In the last few years, Sun Microsystems has warmed up to open-sourcing its software. In 2006, Sun opened up Java, and in 2007 it open-sourced most of Solaris under the GPLv3. Smaller, side projects, like NetBeans, the Java-based IDE were open-sourced as early as 2001. Sun has also long allowed developers at least some say in the progress of Java, through the Java Community Process. Historically, though, Sun has had a well-documented love/hate relationship with open source.
IBM has had a closer relationship with open source, but it wasn't always that way. In December of 1998, IBM realized that it needed to take a closer look at open source thanks to its customers beginning to pick up Linux. Before that, according to Peter G. Capek of IBM Research, IBM handled open source on a case-by-case basis.
At first, IBM software developers were "skeptical that the quality of the open-source software produced could be sufficient to be relevant to us and our customers." But, the company quickly discovered the benefits of open source software:
this development style attracted very skilled developers, and that the overlap between developers and users of a particular OSS project made possible excellent and open communication, rapid development cycles, and intensive real-environment testing, ultimately producing software that was often very good and sometimes excellent by our standards.
It also didn't hurt that developers clearly wanted open-source software, Capek said.
IBM had released a binary-only version for UNIX of Jikes (a compiler for Java), through our alphaWorks Web site in early 1997. This was quite successful, but its success was only a prelude to the release of a Linux version of the same code in mid-July 1998, which was downloaded at seven times the rate of the non-Linux versions. Requests for the source code followed rapidly.
It didn't take long, after that, for IBM to convert to open source. While the company has never released its own Linux distribution, in 2008, 8.3% of all changes in the latest Linux kernel came from IBM developers. Only Red Hat and Novell, with 11.2% and 8.9%, had invested more work in Linux.

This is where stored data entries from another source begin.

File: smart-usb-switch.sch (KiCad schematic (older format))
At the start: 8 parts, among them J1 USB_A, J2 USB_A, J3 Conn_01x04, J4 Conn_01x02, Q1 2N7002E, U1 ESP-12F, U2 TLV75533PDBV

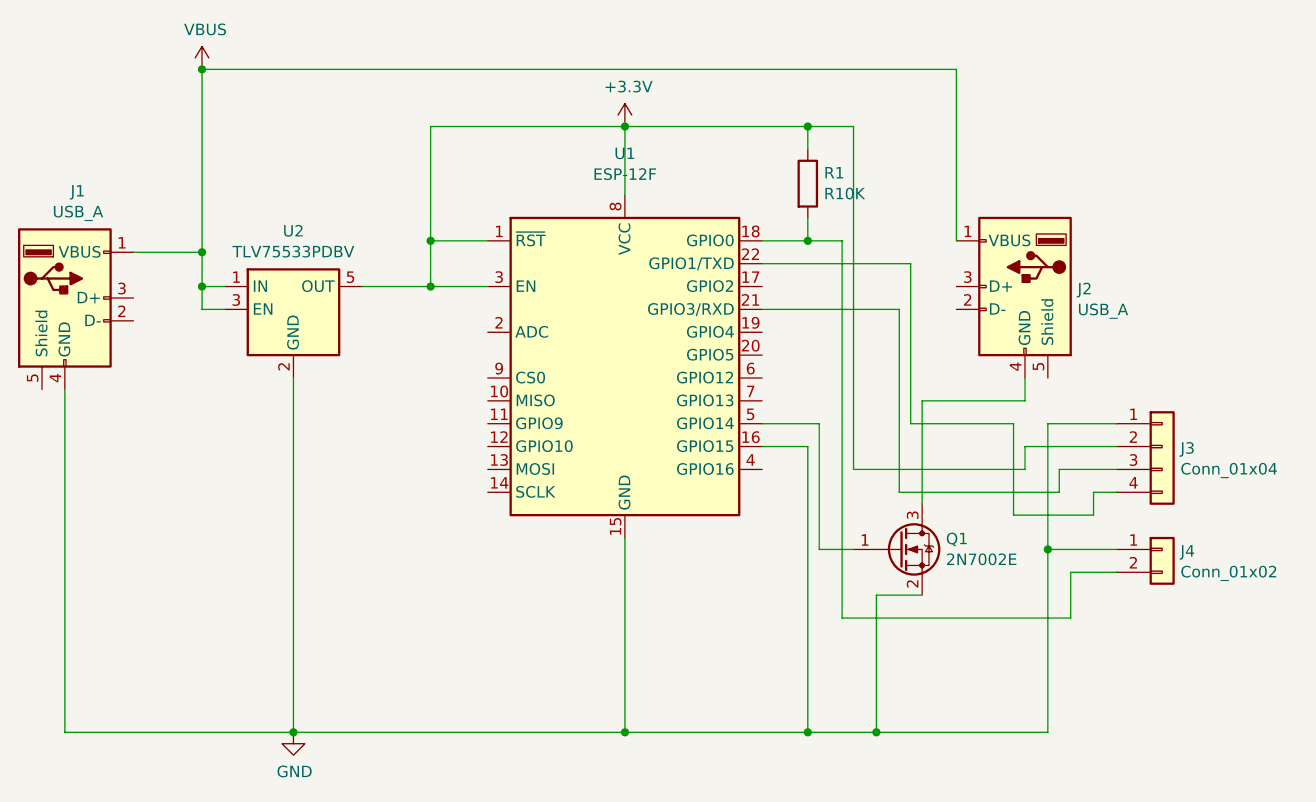
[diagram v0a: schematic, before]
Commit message: Fix #1: switch to GPIO4
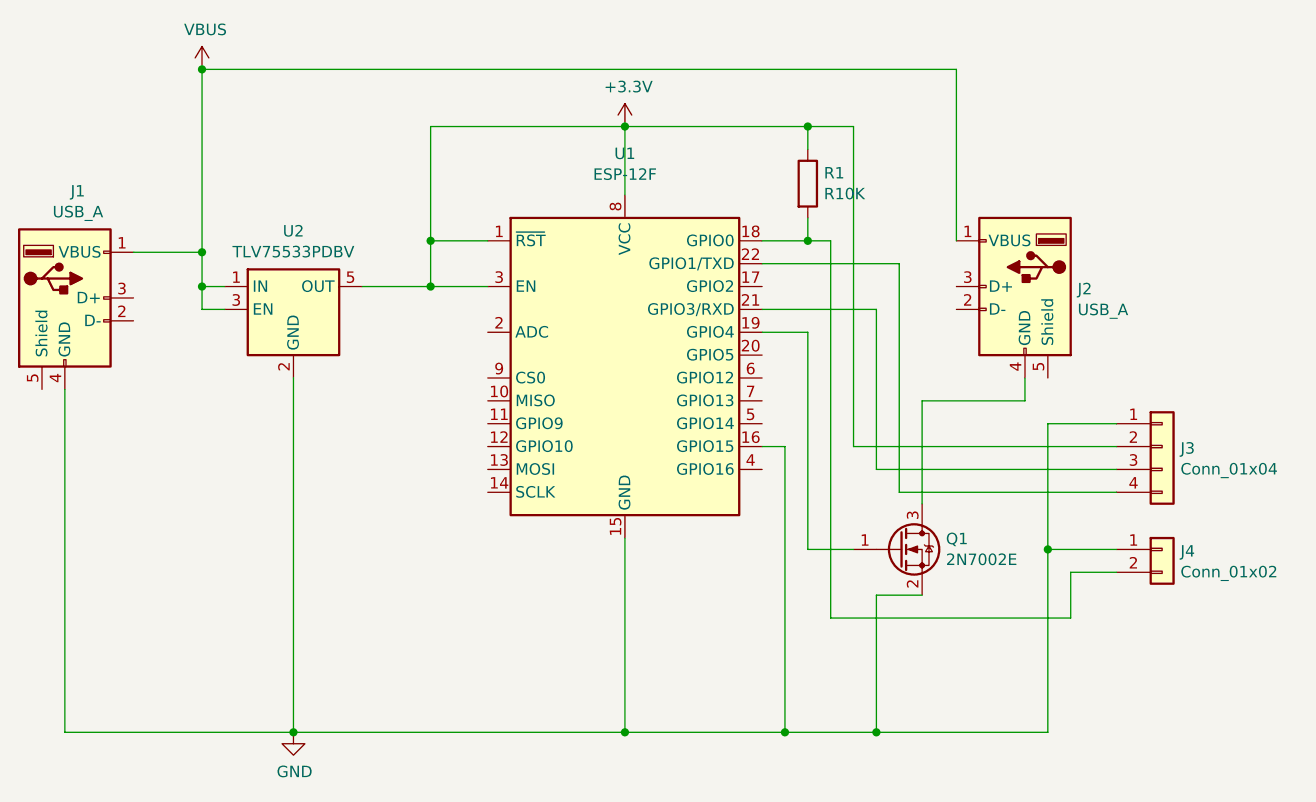
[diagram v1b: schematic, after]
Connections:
- net at U1.19 (GPIO4): now also Q1.1 (G)
- net at U1.5 (GPIO14): no longer Q1.1 (G)
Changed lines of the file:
@@
 EESchema Schematic File Version 4
-EELAYER 30 0
+EELAYER 26 0
 EELAYER END
 $Descr A4 11693 8268
@@
 Connection ~ 6800 4750
 Wire Wire Line
-	6800 4750 6500 4750
+	6800 4750 6400 4750
 Wire Wire Line
 	6800 4750 7550 4750
@@
 $EndComp
 Wire Wire Line
-	6950 3400 6950 2700
-Wire Wire Line
-	6950 2700 6300 2700
-Wire Wire Line
-	6300 2900 6900 2900
-Wire Wire Line
-	6700 3600 6700 2100
+	6900 3700 6900 2700
+Wire Wire Line
+	6900 2700 6300 2700
+Wire Wire Line
+	6300 2900 6800 2900
 Wire Wire Line
 	6700 2100 6500 2100
@@
 	7550 3400 7550 3950
 Wire Wire Line
-	7850 3500 7450 3500
-Wire Wire Line
-	7450 3500 7450 3600
-Wire Wire Line
-	7450 3600 6700 3600
-Wire Wire Line
-	7850 3600 7600 3600
-Wire Wire Line
-	7600 3600 7600 3700
-Wire Wire Line
-	7600 3700 6900 3700
-Wire Wire Line
-	6900 2900 6900 3700
-Wire Wire Line
-	6950 3400 7400 3400
-Wire Wire Line
-	7400 3400 7400 3800
-Wire Wire Line
-	7400 3800 7750 3800
-Wire Wire Line
-	7750 3800 7750 3700
-Wire Wire Line
-	7750 3700 7850 3700
+	6800 2900 6800 3600
 $Comp
 L Connector_Generic:Conn_01x02 J4
@@
 	6300 2600 6500 2600
 Wire Wire Line
-	6650 2600 6650 4250
+	6600 2600 6600 4250
 Wire Wire Line
 	7850 4050 7650 4050
 Wire Wire Line
-	6700 3950 6550 3950
-Wire Wire Line
-	6650 4250 7650 4250
+	6700 3950 6500 3950
+Wire Wire Line
+	6600 4250 7650 4250
 Wire Wire Line
 	7650 4250 7650 4050
@@
 	4250 3200 4250 4750
 Connection ~ 4250 4750
-Wire Wire Line
-	6550 3950 6550 3400
-Wire Wire Line
-	6550 3400 6300 3400
 $Comp
 L Transistor_FET:2N7002E Q1
@@
 	4850 2600 4850 2100
 Wire Wire Line
-	6300 3500 6500 3500
-Wire Wire Line
-	6500 3500 6500 4750
-Connection ~ 6500 4750
-Wire Wire Line
-	6500 4750 5700 4750
+	6300 3500 6400 3500
+Wire Wire Line
+	6400 3500 6400 4750
+Connection ~ 6400 4750
+Wire Wire Line
+	6400 4750 5700 4750
 $Comp
 L Device:R R1
@@
 Connection ~ 6500 2600
 Wire Wire Line
-	6500 2600 6650 2600
+	6500 2600 6600 2600
 Wire Wire Line
 	6500 2200 6500 2100
@@
 Wire Wire Line
 	7000 3300 7450 3300
+Wire Wire Line
+	6500 3000 6300 3000
+Wire Wire Line
+	6500 3000 6500 3950
+Wire Wire Line
+	6700 3500 6700 2100
+Wire Wire Line
+	6700 3500 7850 3500
+Wire Wire Line
+	6800 3600 7850 3600
+Wire Wire Line
+	6900 3700 7850 3700
 $EndSCHEMATC

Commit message: more docs, updates
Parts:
- U2: symbol Regulator_Linear:TLV75533PDBV -> smart-usb-switch-rescue:TLV75533PDBV-Regulator_Linear
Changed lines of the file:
@@
 EESchema Schematic File Version 4
-EELAYER 26 0
+EELAYER 30 0
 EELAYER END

IBM also has invested in quite a few open source Java projects. It is a major player in the Apache Web server space. Among its other Apache projects is Derby, a lightweight, Java-based RDBMS. The popular Eclipse IDE also started as an IBM project.
What do you think -- how will Java-based development change under IBM? Speak your mind in the Comments section at the end of this article.
So what will all this mean when IBM and Sun get together? Opinions vary. Miko Matsumura, Sun's former chief Java evangelist and now a VP and deputy CTO of Software AG believes that the merge means the end of the NetBeans IDE. Furthermore, he believes the Java Community Process, weakened by recent controversies over OSGi and Java modularity, will die.
Steve [Mills, senior vice president and group executive for IBM Software Group] isn't going to come down from Mount Armonk with these commandments, but with Sun out of the picture these two communities are just going to come apart at the seams.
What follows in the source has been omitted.